> [Required work]
Copy each line from the entries that the word "name" appears in.

> [Record excerpts]
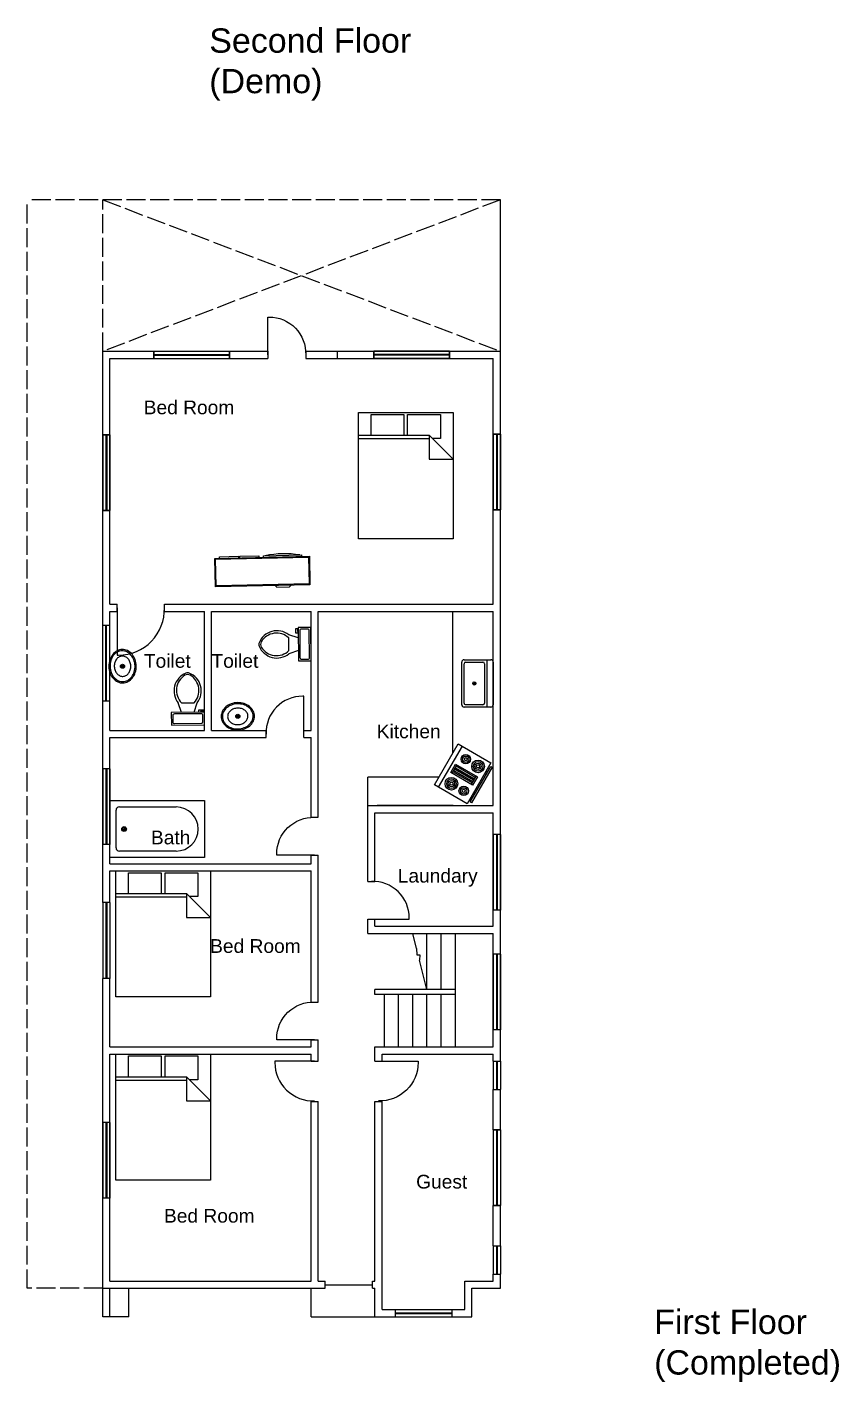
# Model space of a CAD drawing. Header units: inches. Extents: x 128 to 5112, y 389 to 3373.
# Drawn here: x 389 to 903, y 1424 to 2283 of the extents above; entities that cross this region are included whole.
import ezdxf

# ---------------------------------------------------------------- set-up
doc = ezdxf.new("R2010")
doc.units = ezdxf.units.IN
doc.linetypes.add('ACAD_ISO02W100', pattern=[15, 12, -3])
for name, color, linetype in [('2d interior', 11, 'Continuous'), ('2d stair', 104, 'Continuous'), ('door', 10, 'Continuous'), ('wall', 7, 'Continuous'), ('window', 200, 'Continuous')]:
    doc.layers.add(name, color=color, linetype=linetype)
doc.styles.get("Standard").update_dxf_attribs({"font": 'arial.ttf'})

# ---------------------------------------------------------------- blocks, each defined once
blk = doc.blocks.new('Toilet - top')
for p, q in [((-10, -8.5), (-8, -8.5)), ((-10, -9.5), (-10, -8.5)), ((-8, -8.5), (-8, -8)), ((-7, -8), (-7, -9.5)), ((-4, -8), (-6, -14)), ((4, -8), (6, -14)), ((9.5, -6), (9.5, -2)), ((-7, -9.5), (-10, -9.5)), ((4, -14), (-4, -14))]:
    blk.add_line(p, q)
blk.add_lwpolyline([(10.5, -8), (10.5, 0), (-10.5, 0), (-10.5, -8)], close=True)
for points in [[(-9.5, -2), (-9.5, -6)], [(8.5, -1), (-8.5, -1)], [(-8.5, -7), (8.5, -7)]]:
    blk.add_lwpolyline(points)
for centre, radius, start, end in [((-8.62, -1.88), 0.884, 81.8699, 188.1301), ((-8.62, -6.12), 0.884, 171.8699, 278.1301), ((8.62, -1.88), 0.884, 351.8699, 98.1301), ((8.62, -6.12), 0.884, 261.8699, 8.1301), ((3.52, -21.58), 12.17, 141.46911, 247.97143), ((4.2, -21.82), 11.33, 136.36773, 238.94682), ((-3.52, -21.58), 12.17, 292.02843, 38.53071), ((-4.2, -21.82), 11.33, 301.05301, 43.63209), ((0, -27.88), 4, 245.73182, 294.26817), ((0, -29), 4, 254.86053, 285.13947)]:
    blk.add_arc(centre, radius, start, end)
blk = doc.blocks.new('*U33')
at = {"layer": 'door'}
blk.add_lwpolyline([(0, 0), (0, 24), (0.8, 24, -0.424176), (24, 0, 1.034483)], format="xyb", dxfattribs=at)
blk = doc.blocks.new('*U34')
at = {"layer": 'door'}
blk.add_lwpolyline([(0, 0), (0, 24), (0.8, 24, -0.424176), (24, 0, 1.034483)], format="xyb", dxfattribs=at)
blk = doc.blocks.new('*U35')
at = {"layer": 'door'}
blk.add_lwpolyline([(0, 0), (0, 25.17), (-0.84, 25.17, 0.424176), (-25.17, 0, -1.034483)], format="xyb", dxfattribs=at)
blk = doc.blocks.new('*U36')
at = {"layer": 'door'}
blk.add_lwpolyline([(0, 0), (0, 24), (0.8, 24, -0.424176), (24, 0, 1.034483)], format="xyb", dxfattribs=at)
blk = doc.blocks.new('*U37')
at = {"layer": 'door'}
blk.add_lwpolyline([(0, 0), (0, 24), (-0.8, 24, 0.424176), (-24, 0, -1.034483)], format="xyb", dxfattribs=at)
blk = doc.blocks.new('*U38')
at = {"layer": 'door'}
blk.add_lwpolyline([(0, 0), (0, 30), (-1, 30, 0.424176), (-30, 0, -1.034483)], format="xyb", dxfattribs=at)
blk = doc.blocks.new('Bath Tub - 26 x 60 in.')
for p, q in [((9, -17), (9, -19)), ((8, -18), (10, -18))]:
    blk.add_line(p, q)
blk.add_lwpolyline([(0, -36), (0, 0), (60, 0), (60, -36)], close=True)
for points in [[(4, -30), (4, -6)], [(6, -4), (42, -4)], [(42, -32), (6, -32)]]:
    blk.add_lwpolyline(points)
for radius in [1.5, 1]:
    blk.add_circle((9, -18), radius)
for centre, radius, start, end in [((5.75, -5.75), 1.77, 81.8699, 188.1301), ((42, -18), 14, 270, 90), ((5.75, -30.25), 1.77, 171.8699, 278.1301)]:
    blk.add_arc(centre, radius, start, end)
blk = doc.blocks.new('Sink - Oval top')
for p, q in [((-1, 0), (1, 0)), ((0, 1), (0, -1))]:
    blk.add_line(p, q)
at = {"linetype": 'Continuous'}
for points in [[(-12.23, 0.39, 0.117634), (-11.46, -3.36, 0.104469), (-8.88, -6.8, 0.090016), (-5.08, -9.07, 0.08192), (-0.32, -10.02, 0.08192), (4.49, -9.38, 0.090016), (8.42, -7.36, 0.104469), (11.22, -4.09, 0.117634), (12.23, -0.39, 0.117634), (11.46, 3.36, 0.104469), (8.88, 6.8, 0.090016), (5.08, 9.07, 0.08192), (0.32, 10.02, 0.08192), (-4.49, 9.38, 0.090016), (-8.42, 7.36, 0.104469), (-11.22, 4.09, 0.117634)], [(-11.29, 0.16, 0.118622), (-10.52, -3.25, 0.104678), (-8.07, -6.36, 0.089562), (-4.54, -8.37, 0.081185), (-0.13, -9.15, 0.081185), (4.3, -8.49, 0.089562), (7.89, -6.58, 0.104678), (10.42, -3.55, 0.118622), (11.29, -0.16, 0.118622), (10.52, 3.25, 0.104678), (8.07, 6.36, 0.089562), (4.54, 8.37, 0.081185), (0.13, 9.15, 0.081185), (-4.3, 8.49, 0.089562), (-7.89, 6.58, 0.104678), (-10.42, 3.55, 0.118622)], [(-7.42, 0.08, 0.118283), (-6.91, -2.17, 0.104607), (-5.29, -4.21, 0.089718), (-2.97, -5.53, 0.081436), (-0.07, -6.04, 0.081436), (2.84, -5.59, 0.089718), (5.2, -4.33, 0.104607), (6.86, -2.32, 0.118283), (7.42, -0.08, 0.118283), (6.91, 2.17, 0.104607), (5.29, 4.21, 0.089718), (2.97, 5.53, 0.081436), (0.07, 6.04, 0.081436), (-2.84, 5.59, 0.089718), (-5.2, 4.33, 0.104607), (-6.86, 2.32, 0.118283)]]:
    blk.add_lwpolyline(points, format="xyb", close=True, dxfattribs=at)
for radius in [1.5, 1]:
    blk.add_circle((0, 0), radius)
blk = doc.blocks.new('Bed - Queen')
at = {"linetype": 'Continuous'}
for p, q in [((0, -80.00003), (0, 0)), ((0, 0), (59.99999, 0)), ((59.99999, 0), (59.99999, -80.00003)), ((7.99999, -1.2), (28.79998, -1.2)), ((7.99999, -14.4), (7.99999, -1.2)), ((28.79998, -1.2), (28.79998, -14.4)), ((31.19999, -1.2), (51.99999, -1.2)), ((31.19999, -14.4), (31.19999, -1.2)), ((51.99999, -1.2), (51.99999, -16.4)), ((0, -14.4), (44.8, -14.4)), ((44.8, -16.8), (0, -16.8)), ((59.99999, -29.6), (44.8, -14.4)), ((44.8, -14.4), (44.8, -29.6)), ((51.99999, -16.4), (46.79936, -16.4)), ((44.8, -29.6), (59.99999, -29.6)), ((59.99999, -80.00003), (0, -80.00003))]:
    blk.add_line(p, q, dxfattribs=at)
blk = doc.blocks.new('Entertainment Center')
at = {"linetype": 'Continuous'}
for p, q in [((-4, 0), (-5, -1)), ((4, 0), (-4, 0)), ((5, -1), (4, 0)), ((-17, -19), (-17, -1)), ((-17, -1), (43, -1)), ((-16.5, -18.5), (-16.5, -1.5)), ((-16.5, -1.5), (42.5, -1.5)), ((42.5, -1.5), (42.5, -18.5)), ((43, -1), (43, -19)), ((43, -19), (-17, -19)), ((42.5, -18.5), (-16.5, -18.5)), ((-12, -20), (-12, -19)), ((12, -20), (-12, -20)), ((12, -19), (12, -20)), ((15, -20), (15, -19)), ((27, -20), (15, -20)), ((27, -19), (27, -20)), ((28, -20), (28, -19)), ((40, -20), (28, -20)), ((40, -19), (40, -20))]:
    blk.add_line(p, q, dxfattribs=at)
blk.add_arc((0, 40), 61, 259.6111, 280.3889, dxfattribs=at)
blk = doc.blocks.new('Range-Oven - 30 in top')
for p, q in [((0, -3), (30, -3)), ((12, -6), (18, -6)), ((13, -20), (13, -6)), ((14, -6), (14, -20)), ((15, -20), (15, -6)), ((16, -6), (16, -20)), ((17, -20), (17, -6)), ((6, -24), (6, -25)), ((8, -25), (8, -24)), ((18, -20), (12, -20)), ((22, -25), (22, -24)), ((24, -24), (24, -25))]:
    blk.add_line(p, q)
for points in [[(0, -24), (0, 0), (30, 0), (30, -24)], [(12, -21), (12, -5), (18, -5), (18, -21)], [(2, -26), (2, -25), (28, -25), (28, -26)]]:
    blk.add_lwpolyline(points, close=True)
for centre, radius in [((6, -9), 4), ((6, -9), 3), ((6, -9), 2), ((6, -9), 1), ((24, -9), 3), ((24, -9), 2), ((24, -9), 1), ((6, -18), 3), ((6, -18), 2), ((6, -18), 1), ((24, -18), 4), ((24, -18), 3), ((24, -18), 2), ((24, -18), 1)]:
    blk.add_circle(centre, radius)
blk = doc.blocks.new('Sink-single - 30 in top')
blk.add_line((-15, -3.999996), (15, -3.999996))
for points in [[(-13.5, 0), (13.5, 0)], [(-15, -18.499996), (-15, -1.5)], [(-13.5, -17.499996), (-13.5, -6.499996)], [(-12.5, -5.499996), (12.5, -5.499996)], [(13.5, -6.499996), (13.5, -17.499996)], [(15, -1.5), (15, -18.499996)], [(13.5, -19.999996), (-13.5, -19.999996)], [(12.5, -18.499996), (-12.5, -18.499996)]]:
    blk.add_lwpolyline(points)
for radius in [1, 0.5]:
    blk.add_circle((0, -11.999996), radius)
for centre, radius, start, end in [((-13.5, -1.5), 1.5, 90, 180), ((-12.5, -6.499996), 1, 90, 180), ((12.5, -6.499996), 1, 0, 90), ((13.5, -1.5), 1.5, 0, 90), ((-13.5, -18.499996), 1.5, 180, 270), ((-12.5, -17.499996), 1, 180, 270), ((12.5, -17.499996), 1, 270, 0), ((13.5, -18.499996), 1.5, 270, 0)]:
    blk.add_arc(centre, radius, start, end)

msp = doc.modelspace()

# ---------------------------------------------------------------- linework, layer by layer
at = {"layer": '2d stair'}
for p, q in [((635.47, 1699.06), (633.03, 1708.71)), ((642.03, 1673.04), (642.03, 1708.71)), ((651.03, 1673.04), (651.03, 1708.71)), ((660.03, 1673.04), (660.03, 1708.71)), ((635.47, 1699.06), (635.49, 1695.02)), ((635.49, 1695.02), (637.53, 1695.02)), ((637.53, 1695.02), (637.29, 1691.82)), ((642.03, 1673.04), (637.29, 1691.82)), ((660.03, 1673.04), (609.03, 1673.04)), ((609.03, 1670.04), (609.03, 1673.04)), ((660.03, 1670.04), (609.03, 1670.04)), ((615.03, 1636.71), (615.03, 1670.04)), ((624.03, 1636.71), (624.03, 1670.04)), ((633.03, 1636.71), (633.03, 1670.04)), ((642.03, 1636.71), (642.03, 1670.04)), ((651.03, 1636.71), (651.03, 1670.04)), ((660.03, 1670.04), (660.03, 1673.04)), ((660.03, 1636.71), (660.03, 1670.04))]:
    msp.add_line(p, q, dxfattribs=at)
at = {"layer": 'wall', "linetype": 'ACAD_ISO02W100'}
for p, q in [((388.53, 1483.71), (388.53, 2173.71)), ((688.53, 2173.71), (388.53, 2173.71)), ((436.53, 2077.71), (436.53, 2173.71)), ((436.53, 2173.71), (688.53, 2077.71)), ((688.53, 2173.71), (436.53, 2077.71)), ((436.53, 1483.71), (388.53, 1483.71))]:
    msp.add_line(p, q, dxfattribs=at)
at = {"layer": 'wall'}
for p, q in [((688.53, 2077.71), (688.53, 2173.71)), ((436.53, 1728.21), (436.53, 2077.71)), ((436.53, 2077.71), (541.13, 2077.71)), ((441.03, 1917.34), (441.03, 2073.21)), ((441.03, 2073.21), (516.78, 2073.21)), ((516.78, 2073.21), (541.13, 2073.21)), ((541.13, 2077.71), (541.13, 2073.21)), ((565.13, 2077.71), (688.53, 2077.71)), ((565.13, 2077.71), (565.13, 2073.21)), ((565.13, 2073.21), (684.03, 2073.21)), ((585.03, 2077.71), (585.03, 2073.21)), ((684.03, 1917.34), (684.03, 2073.21)), ((688.53, 1627.71), (688.53, 2077.71)), ((436.53, 2024.73), (436.53, 2050.23)), ((441.03, 2024.73), (441.03, 2050.23)), ((684.03, 1981), (684.03, 2006.5)), ((688.53, 1981), (688.53, 2006.5)), ((436.53, 1951.23), (436.53, 1976.73)), ((441.03, 1951.23), (441.03, 1976.73)), ((684.03, 1917.34), (684.03, 1933)), ((688.53, 1907.5), (688.53, 1933)), ((441.03, 1917.34), (445.53, 1917.34)), ((445.53, 1912.84), (445.53, 1917.34)), ((475.53, 1912.84), (475.53, 1917.34)), ((475.53, 1917.34), (684.03, 1917.34)), ((441.03, 1912.84), (445.53, 1912.84)), ((441.03, 1837.36), (441.03, 1912.84)), ((475.53, 1912.84), (501.03, 1912.84)), ((501.03, 1837.36), (501.03, 1912.84)), ((505.53, 1837.36), (505.53, 1912.84)), ((505.53, 1912.84), (568.53, 1912.84)), ((568.53, 1837.36), (568.53, 1912.84)), ((573.03, 1782.3), (573.03, 1912.84)), ((573.03, 1912.84), (684.03, 1912.84)), ((658.26, 1912.84), (658.26, 1822.74)), ((684.03, 1837.71), (684.03, 1912.84)), ((684.03, 1907.5), (684.03, 1912.84)), ((684.03, 1789.71), (684.03, 1889.5)), ((441.03, 1837.36), (501.03, 1837.36)), ((441.03, 1752.9), (441.03, 1832.86)), ((441.03, 1813.04), (441.03, 1832.86)), ((441.03, 1832.86), (540.03, 1832.86)), ((505.53, 1837.36), (540.03, 1837.36)), ((540.03, 1832.86), (540.03, 1837.36)), ((564.03, 1832.86), (564.03, 1837.36)), ((564.03, 1837.36), (568.53, 1837.36)), ((564.03, 1832.86), (568.53, 1832.86)), ((568.53, 1782.3), (568.53, 1832.86)), ((604.53, 1741.71), (604.53, 1807.71)), ((610.53, 1807.71), (604.53, 1807.71)), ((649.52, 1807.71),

> [Reply]
for name, color, linetype in [('2d interior', 11, 'Continuous'), ('2d stair', 104, 'Continuous'), ('door', 10, 'Continuous'), ('wall', 7, 'Continuous'), ('window', 200, 'Continuous')]:
    doc.layers.add(name, color=color, linetype=linetype)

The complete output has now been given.